(Dataset records)
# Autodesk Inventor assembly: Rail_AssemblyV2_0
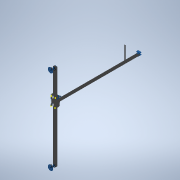
[picture p0: Inventor's stored thumbnail of the model, 180x180]
Saved by Autodesk Inventor 2021 (Build 250183000, 183)
## iProperties
Created: 2021-01-25
Part Number: Rail_AssemblyV2_0
Document SubType Name: Assembly
Designer: Jorian Brusind
Mass: 3786.54 g
Surface Area: 19508.5 cm^2
Volume: 2323.9 cm^3
Density: 1.62939 g/cm^3
Author: Jorian Brusind
## Documents named in this file (31)
- C:\Users\Jorian Brusind\Documents\GitHub\PersonalProjects\HyperRail\Inventor Files\Rail_AssemblyV2_0.iam
- C:\Users\Jorian Brusind\Documents\GitHub\PersonalProjects\Inventor Projects\Useful models\NEMA_Steppers\NEMA23\23HS8430B.ipt
- C:\Users\Jorian Brusind\Documents\GitHub\PersonalProjects\HyperRail\Inventor Files\NEMA23_StepperonlineMount.ipt
- C:\Users\Jorian Brusind\Documents\GitHub\PersonalProjects\Inventor Projects\Useful models\8020_Sets\IPT_20_Series\IPT_20_Series\20-2040_200mm.ipt
- C:\Users\Jorian Brusind\Documents\GitHub\PersonalProjects\HyperRail\Inventor Files\2804S_NEMA2115_1Gearbox.ipt
- C:\Users\Jorian Brusind\Documents\GitHub\PersonalProjects\HyperRail\PCB Files\Integrated Stepper Motor Driver\ExportSTEP\Main.iam
- C:\Users\Jorian Brusind\Documents\GitHub\PersonalProjects\HyperRail\Inventor Files\NEMA23_Shroud.ipt
- C:\Users\Jorian Brusind\Documents\GitHub\PersonalProjects\Inventor Projects\Useful models\8020_Sets\IPT_20_Series\IPT_20_Series\20-4040_2m.ipt
- C:\Users\Jorian Brusind\Documents\GitHub\PersonalProjects\HyperRail\Inventor Files\98952A059_ALUM MALE-FEM THRDED HEX STANDOFF.ipt
- C:\Users\Jorian Brusind\Documents\GitHub\PersonalProjects\HyperRail\Inventor Files\95783A039_NYLON 6-6 MALE-FEM THRDED HEX STANDOFF.ipt
- C:\Users\Jorian Brusind\Documents\GitHub\PersonalProjects\HyperRail\Inventor Files\Integrated_Stepper_NEMA23_Mount.ipt
- C:\Users\Jorian Brusind\Documents\GitHub\PersonalProjects\HyperRail\Inventor Files\Foot_Spacer.ipt
- C:\Users\Jorian Brusind\Documents\GitHub\PersonalProjects\Inventor Projects\Useful models\Metric bolt\Bolt M5 50mm.ipt
- C:\Users\Jorian Brusind\Documents\GitHub\PersonalProjects\Inventor Projects\Useful models\Metric nuts\Nut M5.ipt
- C:\Users\Jorian Brusind\Documents\GitHub\PersonalProjects\HyperRail\Inventor Files\Bottom_Foot.ipt
- C:\Users\Jorian Brusind\Documents\GitHub\PersonalProjects\HyperRail\Inventor Files\90deg_4040Bracket.ipt
- C:\Users\Jorian Brusind\Documents\GitHub\PersonalProjects\HyperRail\Inventor Files\X_Carriage_V2_0.iam
- C:\Users\Jorian Brusind\Documents\GitHub\PersonalProjects\HyperRail\Inventor Files\X_CarriageR_V2_0.iam
- C:\Users\Jorian Brusind\Documents\GitHub\PersonalProjects\Inventor Projects\Useful models\8020_Sets\IPT_40_Series\Extra_40_Series\HFS5-4060-4000\HFS5-4060-2125.ipt
- C:\Users\Jorian Brusind\Documents\GitHub\PersonalProjects\Inventor Projects\Useful models\8020_Sets\IPT_20_Series\IPT_20_Series\20-2040_150mm.ipt
- C:\Users\Jorian Brusind\Documents\GitHub\PersonalProjects\HyperRail\Inventor Files\RightAngle_Bracket_60mm.ipt
- C:\Users\Jorian Brusind\Documents\GitHub\PersonalProjects\HyperRail\Inventor Files\X_CarriageR_V2_0_Short.iam
- C:\Users\Jorian Brusind\Documents\GitHub\PersonalProjects\HyperRail\Inventor Files\X_CarriageL_V2_0_Short.iam
- C:\Users\Jorian Brusind\Documents\GitHub\PersonalProjects\Inventor Projects\Useful models\e2-micro-e-chains-small-and-lightweight-e-chains\03_07_012_0_160_5.iam
- C:\Users\Jorian Brusind\Documents\GitHub\PersonalProjects\HyperRail\Inventor Files\Cable_Guide_End.ipt
- C:\Users\Jorian Brusind\Documents\GitHub\PersonalProjects\HyperRail\Inventor Files\Belt_Clamp.ipt
- C:\Users\Jorian Brusind\Documents\GitHub\PersonalProjects\HyperRail\Inventor Files\SmallBelt_LargePulley_70mm.ipt
- C:\Users\Jorian Brusind\Documents\GitHub\PersonalProjects\Inventor Projects\Useful models\8020_Sets\AIS2018\20-2568_d.iam
- C:\Users\Jorian Brusind\Documents\GitHub\PersonalProjects\HyperRail\Inventor Files\5mm_bore_10mm_width_idlepulley.ipt
- C:\Users\Jorian Brusind\Documents\GitHub\PersonalProjects\HyperRail\Inventor Files\Idler_Spacer.ipt
- C:\Users\Jorian Brusind\Documents\GitHub\PersonalProjects\HyperRail\Inventor Files\Tape_Belt_Layer.ipt
## Components (46 placed, 30 different names)
1. 23HS8430B:1 — Mate:127, Angle:3, Mate:158, Mate:177, Mate:179, Mate:180, Mate:181, Mate:182, Mate:183, Mate:184, Mate:185, Mate:264, Mate:265, Mate:295
2. NEMA23_StepperonlineMount:1 — Angle:2, Mate:98, Mate:128, Mate:289, Flush:99, Mate:303, Mate:304, Flush:107, Flush:108
3. 20-2040_200mm:1 — Mate:253, Flush:83, Flush:84, Flush:88, Mate:284, Mate:297, Mate:301, Mate:302, Flush:111, Flush:112
4. 2804S_NEMA2115_1Gearbox:1 — Angle:2, Mate:98, Mate:127, Mate:128, Angle:3, Mate:158, Flush:86, Mate:321, Flush:122
5. Main:1 [sub-assembly] — Mate:291, Mate:292, Mate:293
6. 20-4040_2m:2 — Mate:232, Flush:73, Mate:233, Mate:234, Flush:74, Mate:288, Flush:98, Flush:123, Mate:322, Mate:323, Mate:326, Mate:327, Mate:330, Mate:331, Flush:124
7. NEMA23_Shroud:1 — Mate:264, Mate:265, Flush:86, Mate:294
8. 98952A059_ALUM MALE-FEM THRDED HEX STANDOFF:1 — Mate:180, Mate:181, Mate:186, Mate:191
9. 98952A059_ALUM MALE-FEM THRDED HEX STANDOFF:2 — Mate:184, Mate:185, Mate:189, Mate:192
10. 98952A059_ALUM MALE-FEM THRDED HEX STANDOFF:3 — Mate:177, Mate:179, Mate:187, Mate:190
11. 98952A059_ALUM MALE-FEM THRDED HEX STANDOFF:4 — Mate:182, Mate:183, Mate:188, Mate:193
12. 95783A039_NYLON 6-6 MALE-FEM THRDED HEX STANDOFF:1 — Mate:188, Mate:193
13. 95783A039_NYLON 6-6 MALE-FEM THRDED HEX STANDOFF:2 — Mate:186, Mate:191
14. 95783A039_NYLON 6-6 MALE-FEM THRDED HEX STANDOFF:3 — Mate:187, Mate:190
15. 95783A039_NYLON 6-6 MALE-FEM THRDED HEX STANDOFF:4 — Mate:189, Mate:192
16. Bolt M5 50mm:1 — Mate:224, Mate:245, Mate:246, Mate:247, Mate:269
17. Nut M5:1 — Mate:226, Mate:247
18. Nut M5:2 — Mate:244, Flush:78, Mate:246
19. Bottom_Foot:1 — Mate:224, Mate:226, Mate:245, Flush:81, Flush:93
20. 90deg_4040Bracket:1 — Mate:232, Flush:73, Mate:233, Flush:75
21. 90deg_4040Bracket:2 — Mate:234, Flush:74, Flush:75
22. Foot_Spacer:1 — Mate:244, Flush:78, Mate:269, Mate:283, Flush:94
23. Foot_Spacer:2 — Mate:250, Mate:281, Flush:91, Flush:92, Mate:282
24. Bottom_Foot:2 — Mate:249, Mate:251, Flush:81, Flush:93
25. Bolt M5 50mm:2 — Mate:249, Mate:250, Mate:251, Mate:282
26. X_Carriage_V2_0:1 [sub-assembly] — Mate:253, Flush:83, Flush:84, Flush:113, Mate:319
27. 20-2040_200mm:2 — Flush:88, Mate:286, Flush:96, Mate:305, Flush:111, Mate:312, Flush:114, Flush:116, Mate:316, Flush:117, Flush:124
28. HFS5-4060-2125:1 — Mate:277, Mate:278, Mate:279, Mate:280, Mate:281, Flush:91, Flush:92, Mate:283, Flush:94, Mate:284, Flush:114, Mate:313, Flush:115, Mate:317, Flush:118, Flush:119, Flush:120, Mate:318, Flush:121, Mate:332, Mate:333
29. 20-2040_150mm:1 — Mate:286, Flush:96, Mate:288, Flush:98, Mate:289, Flush:99, Mate:310
30. Integrated_Stepper_NEMA23_Mount:1 — Mate:291, Mate:292, Mate:293, Mate:294, Mate:295
31. X_CarriageR_V2_0:2 [sub-assembly] — Mate:297, Flush:112, Flush:113, Mate:311
32. RightAngle_Bracket_60mm:1 — Mate:301, Mate:304, Flush:107
33. RightAngle_Bracket_60mm:2 — Mate:302, Mate:303, Flush:108
34. X_CarriageR_V2_0_Short:1 [sub-assembly] — Mate:305, Mate:310, Mate:319
35. X_CarriageL_V2_0_Short:1 [sub-assembly] — Mate:311, Mate:312
36. 03_07_012_0_160_5:1 [sub-assembly] — Mate:313, Flush:115, Mate:320
37. Cable_Guide_End:1 — Flush:116, Mate:316, Flush:117, Mate:320
38. Belt_Clamp:1 — Mate:317, Flush:118, Flush:119
39. Belt_Clamp:2 — Flush:120, Mate:318, Flush:121
40. SmallBelt_LargePulley_70mm:1 — Mate:321, Flush:122
41. 20-2568_d:1 [sub-assembly] — Flush:123, Mate:322, Mate:323
42. 5mm_bore_10mm_width_idlepulley:1 — Mate:324, Mate:325, Angle:4
43. Idler_Spacer:1 — Mate:324, Mate:325, Mate:326, Mate:327
44. 5mm_bore_10mm_width_idlepulley:2 — Mate:328, Mate:329, Angle:4
45. Idler_Spacer:2 — Mate:328, Mate:329, Mate:330, Mate:331
46. Tape_Belt_Layer:1 — Mate:332, Mate:333
## Relationships (115: Mate 80, Flush 32, Angle 3)
- Angle:2 (0 deg): NEMA23_StepperonlineMount:1 ↔ 2804S_NEMA2115_1Gearbox:1
- Mate:98: NEMA23_StepperonlineMount:1 ↔ 2804S_NEMA2115_1Gearbox:1
- Mate:127: 23HS8430B:1 ↔ 2804S_NEMA2115_1Gearbox:1
- Mate:128: NEMA23_StepperonlineMount:1 ↔ 2804S_NEMA2115_1Gearbox:1
- Angle:3 (0 deg): 23HS8430B:1 ↔ 2804S_NEMA2115_1Gearbox:1
- Mate:158: 23HS8430B:1 ↔ 2804S_NEMA2115_1Gearbox:1
- Mate:177: 23HS8430B:1 ↔ 98952A059_ALUM MALE-FEM THRDED HEX STANDOFF:3
- Mate:179: 23HS8430B:1 ↔ 98952A059_ALUM MALE-FEM THRDED HEX STANDOFF:3
- Mate:180: 23HS8430B:1 ↔ 98952A059_ALUM MALE-FEM THRDED HEX STANDOFF:1
- Mate:181: 23HS8430B:1 ↔ 98952A059_ALUM MALE-FEM THRDED HEX STANDOFF:1
- Mate:182: 23HS8430B:1 ↔ 98952A059_ALUM MALE-FEM THRDED HEX STANDOFF:4
- Mate:183: 23HS8430B:1 ↔ 98952A059_ALUM MALE-FEM THRDED HEX STANDOFF:4
- Mate:184: 23HS8430B:1 ↔ 98952A059_ALUM MALE-FEM THRDED HEX STANDOFF:2
- Mate:185: 23HS8430B:1 ↔ 98952A059_ALUM MALE-FEM THRDED HEX STANDOFF:2
- Mate:186: 98952A059_ALUM MALE-FEM THRDED HEX STANDOFF:1 ↔ 95783A039_NYLON 6-6 MALE-FEM THRDED HEX STANDOFF:2
- Mate:187: 98952A059_ALUM MALE-FEM THRDED HEX STANDOFF:3 ↔ 95783A039_NYLON 6-6 MALE-FEM THRDED HEX STANDOFF:3
- Mate:188: 98952A059_ALUM MALE-FEM THRDED HEX STANDOFF:4 ↔ 95783A039_NYLON 6-6 MALE-FEM THRDED HEX STANDOFF:1
- Mate:189: 98952A059_ALUM MALE-FEM THRDED HEX STANDOFF:2 ↔ 95783A039_NYLON 6-6 MALE-FEM THRDED HEX STANDOFF:4
- Mate:190: 98952A059_ALUM MALE-FEM THRDED HEX STANDOFF:3 ↔ 95783A039_NYLON 6-6 MALE-FEM THRDED HEX STANDOFF:3
- Mate:191: 98952A059_ALUM MALE-FEM THRDED HEX STANDOFF:1 ↔ 95783A039_NYLON 6-6 MALE-FEM THRDED HEX STANDOFF:2
- Mate:192: 98952A059_ALUM MALE-FEM THRDED HEX STANDOFF:2 ↔ 95783A039_NYLON 6-6 MALE-FEM THRDED HEX STANDOFF:4
- Mate:193: 98952A059_ALUM MALE-FEM THRDED HEX STANDOFF:4 ↔ 95783A039_NYLON 6-6 MALE-FEM THRDED HEX STANDOFF:1
- Mate:224: Bolt M5 50mm:1 ↔ Bottom_Foot:1
- Mate:226: Nut M5:1 ↔ Bottom_Foot:1
- Mate:232: 20-4040_2m:2 ↔ 90deg_4040Bracket:1
- Flush:73: 20-4040_2m:2 ↔ 90deg_4040Bracket:1
- Mate:233: 20-4040_2m:2 ↔ 90deg_4040Bracket:1
- Mate:234: 20-4040_2m:2 ↔ 90deg_4040Bracket:2
- Flush:74: 20-4040_2m:2 ↔ 90deg_4040Bracket:2
- Flush:75: 90deg_4040Bracket:1 ↔ 90deg_4040Bracket:2
- Mate:244: Nut M5:2 ↔ Foot_Spacer:1
- Flush:78: Nut M5:2 ↔ Foot_Spacer:1
- Mate:245: Bolt M5 50mm:1 ↔ Bottom_Foot:1
- Mate:246: Bolt M5 50mm:1 ↔ Nut M5:2
- Mate:247: Bolt M5 50mm:1 ↔ Nut M5:1
- Mate:249: Bottom_Foot:2 ↔ Bolt M5 50mm:2
- Mate:250: Foot_Spacer:2 ↔ Bolt M5 50mm:2
- Mate:251: Bottom_Foot:2 ↔ Bolt M5 50mm:2
- Flush:81: Bottom_Foot:1 ↔ Bottom_Foot:2
- Mate:253: 20-2040_200mm:1 ↔ X_Carriage_V2_0:1
- Flush:83 (-30.5 mm): 20-2040_200mm:1 ↔ X_Carriage_V2_0:1
- Flush:84 (-10 mm): 20-2040_200mm:1 ↔ X_Carriage_V2_0:1
- Mate:264 (1 mm): 23HS8430B:1 ↔ NEMA23_Shroud:1
- Mate:265 (1 mm): 23HS8430B:1 ↔ NEMA23_Shroud:1
- Mate:269: Bolt M5 50mm:1 ↔ Foot_Spacer:1
- Flush:86: 2804S_NEMA2115_1Gearbox:1 ↔ NEMA23_Shroud:1
- Flush:88: 20-2040_200mm:1 ↔ 20-2040_200mm:2
- Mate:277: HFS5-4060-2125:1
- Mate:278: HFS5-4060-2125:1
- Mate:279: HFS5-4060-2125:1
- Mate:280: HFS5-4060-2125:1
- Mate:281: Foot_Spacer:2 ↔ HFS5-4060-2125:1
- Flush:91: Foot_Spacer:2 ↔ HFS5-4060-2125:1
- Flush:92 (20 mm): Foot_Spacer:2 ↔ HFS5-4060-2125:1
- Mate:282: Foot_Spacer:2 ↔ Bolt M5 50mm:2
- Flush:93: Bottom_Foot:1 ↔ Bottom_Foot:2
- Mate:283 (-40 mm): Foot_Spacer:1 ↔ HFS5-4060-2125:1
- Flush:94: Foot_Spacer:1 ↔ HFS5-4060-2125:1
- Mate:284 (24 mm): 20-2040_200mm:1 ↔ HFS5-4060-2125:1
- Mate:286: 20-2040_200mm:2 ↔ 20-2040_150mm:1
- Flush:96 (-5 mm): 20-2040_200mm:2 ↔ 20-2040_150mm:1
- Mate:288: 20-4040_2m:2 ↔ 20-2040_150mm:1
- Flush:98: 20-4040_2m:2 ↔ 20-2040_150mm:1
- Mate:289 (10 mm): NEMA23_StepperonlineMount:1 ↔ 20-2040_150mm:1
- Flush:99 (-12.5 mm): NEMA23_StepperonlineMount:1 ↔ 20-2040_150mm:1
- Mate:291: Main:1 ↔ Integrated_Stepper_NEMA23_Mount:1
- Mate:292: Main:1 ↔ Integrated_Stepper_NEMA23_Mount:1
- Mate:293: Main:1 ↔ Integrated_Stepper_NEMA23_Mount:1
- Mate:294: NEMA23_Shroud:1 ↔ Integrated_Stepper_NEMA23_Mount:1
- Mate:295: 23HS8430B:1 ↔ Integrated_Stepper_NEMA23_Mount:1
- Mate:297: 20-2040_200mm:1 ↔ X_CarriageR_V2_0:2
- Mate:301: 20-2040_200mm:1 ↔ RightAngle_Bracket_60mm:1
- Mate:302: 20-2040_200mm:1 ↔ RightAngle_Bracket_60mm:2
- Mate:303: NEMA23_StepperonlineMount:1 ↔ RightAngle_Bracket_60mm:2
- Mate:304: NEMA23_StepperonlineMount:1 ↔ RightAngle_Bracket_60mm:1
- Flush:107: NEMA23_StepperonlineMount:1 ↔ RightAngle_Bracket_60mm:1
- Flush:108: NEMA23_StepperonlineMount:1 ↔ RightAngle_Bracket_60mm:2
- Mate:305: 20-2040_200mm:2 ↔ X_CarriageR_V2_0_Short:1
- Flush:111: 20-2040_200mm:1 ↔ 20-2040_200mm:2
- Mate:310 (15 mm): 20-2040_150mm:1 ↔ X_CarriageR_V2_0_Short:1
- Flush:112 (-10 mm): 20-2040_200mm:1 ↔ X_CarriageR_V2_0:2
- Flush:113: X_Carriage_V2_0:1 ↔ X_CarriageR_V2_0:2
- Mate:311: X_CarriageR_V2_0:2 ↔ X_CarriageL_V2_0_Short:1
- Mate:312: 20-2040_200mm:2 ↔ X_CarriageL_V2_0_Short:1
- Flush:114: 20-2040_200mm:2 ↔ HFS5-4060-2125:1
- Mate:313 (2 mm): HFS5-4060-2125:1 ↔ 03_07_012_0_160_5:1
- Flush:115: HFS5-4060-2125:1 ↔ 03_07_012_0_160_5:1
- Flush:116: 20-2040_200mm:2 ↔ Cable_Guide_End:1
- Mate:316: 20-2040_200mm:2 ↔ Cable_Guide_End:1
- Flush:117: 20-2040_200mm:2 ↔ Cable_Guide_End:1
- Mate:317: HFS5-4060-2125:1 ↔ Belt_Clamp:1
- Flush:118: HFS5-4060-2125:1 ↔ Belt_Clamp:1
- Flush:119: HFS5-4060-2125:1 ↔ Belt_Clamp:1
- Flush:120: HFS5-4060-2125:1 ↔ Belt_Clamp:2
- Mate:318: HFS5-4060-2125:1 ↔ Belt_Clamp:2
- Flush:121: HFS5-4060-2125:1 ↔ Belt_Clamp:2
- Mate:319: X_Carriage_V2_0:1 ↔ X_CarriageR_V2_0_Short:1
- Mate:320: 03_07_012_0_160_5:1 ↔ Cable_Guide_End:1
- Mate:321: 2804S_NEMA2115_1Gearbox:1 ↔ SmallBelt_LargePulley_70mm:1
- Flush:122 (3 mm): 2804S_NEMA2115_1Gearbox:1 ↔ SmallBelt_LargePulley_70mm:1
- Flush:123: 20-4040_2m:2 ↔ 20-2568_d:1
- Mate:322 (-2 mm): 20-4040_2m:2 ↔ 20-2568_d:1
- Mate:323: 20-4040_2m:2 ↔ 20-2568_d:1
- Mate:324: 5mm_bore_10mm_width_idlepulley:1 ↔ Idler_Spacer:1
- Mate:325: 5mm_bore_10mm_width_idlepulley:1 ↔ Idler_Spacer:1
- Mate:326: 20-4040_2m:2 ↔ Idler_Spacer:1
- Mate:327 (2.5 mm): 20-4040_2m:2 ↔ Idler_Spacer:1
- Mate:328: 5mm_bore_10mm_width_idlepulley:2 ↔ Idler_Spacer:2
- Mate:329: 5mm_bore_10mm_width_idlepulley:2 ↔ Idler_Spacer:2
- Mate:330 (15 mm): 20-4040_2m:2 ↔ Idler_Spacer:2
- Mate:331 (2.5 mm): 20-4040_2m:2 ↔ Idler_Spacer:2
- Angle:4 (0 deg): 5mm_bore_10mm_width_idlepulley:1 ↔ 5mm_bore_10mm_width_idlepulley:2
- Flush:124 (20 mm): 20-4040_2m:2 ↔ 20-2040_200mm:2
- Mate:332: HFS5-4060-2125:1 ↔ Tape_Belt_Layer:1
- Mate:333 (1 mm): HFS5-4060-2125:1 ↔ Tape_Belt_Layer:1

__About this task__.
"Stepper Motor Driver\ExportSTEP\Main.iam" marks the last line to keep. Retype every line from the start of the entries through that one, exactly, and drop the pictures.

__Your response__.
# Autodesk Inventor assembly: Rail_AssemblyV2_0
[picture p0: Inventor's stored thumbnail of the model, 180x180]
Saved by Autodesk Inventor 2021 (Build 250183000, 183)
## iProperties
Created: 2021-01-25
Part Number: Rail_AssemblyV2_0
Document SubType Name: Assembly
Designer: Jorian Brusind
Mass: 3786.54 g
Surface Area: 19508.5 cm^2
Volume: 2323.9 cm^3
Density: 1.62939 g/cm^3
Author: Jorian Brusind
## Documents named in this file (31)
- C:\Users\Jorian Brusind\Documents\GitHub\PersonalProjects\HyperRail\Inventor Files\Rail_AssemblyV2_0.iam
- C:\Users\Jorian Brusind\Documents\GitHub\PersonalProjects\Inventor Projects\Useful models\NEMA_Steppers\NEMA23\23HS8430B.ipt
- C:\Users\Jorian Brusind\Documents\GitHub\PersonalProjects\HyperRail\Inventor Files\NEMA23_StepperonlineMount.ipt
- C:\Users\Jorian Brusind\Documents\GitHub\PersonalProjects\Inventor Projects\Useful models\8020_Sets\IPT_20_Series\IPT_20_Series\20-2040_200mm.ipt
- C:\Users\Jorian Brusind\Documents\GitHub\PersonalProjects\HyperRail\Inventor Files\2804S_NEMA2115_1Gearbox.ipt
- C:\Users\Jorian Brusind\Documents\GitHub\PersonalProjects\HyperRail\PCB Files\Integrated Stepper Motor Driver\ExportSTEP\Main.iam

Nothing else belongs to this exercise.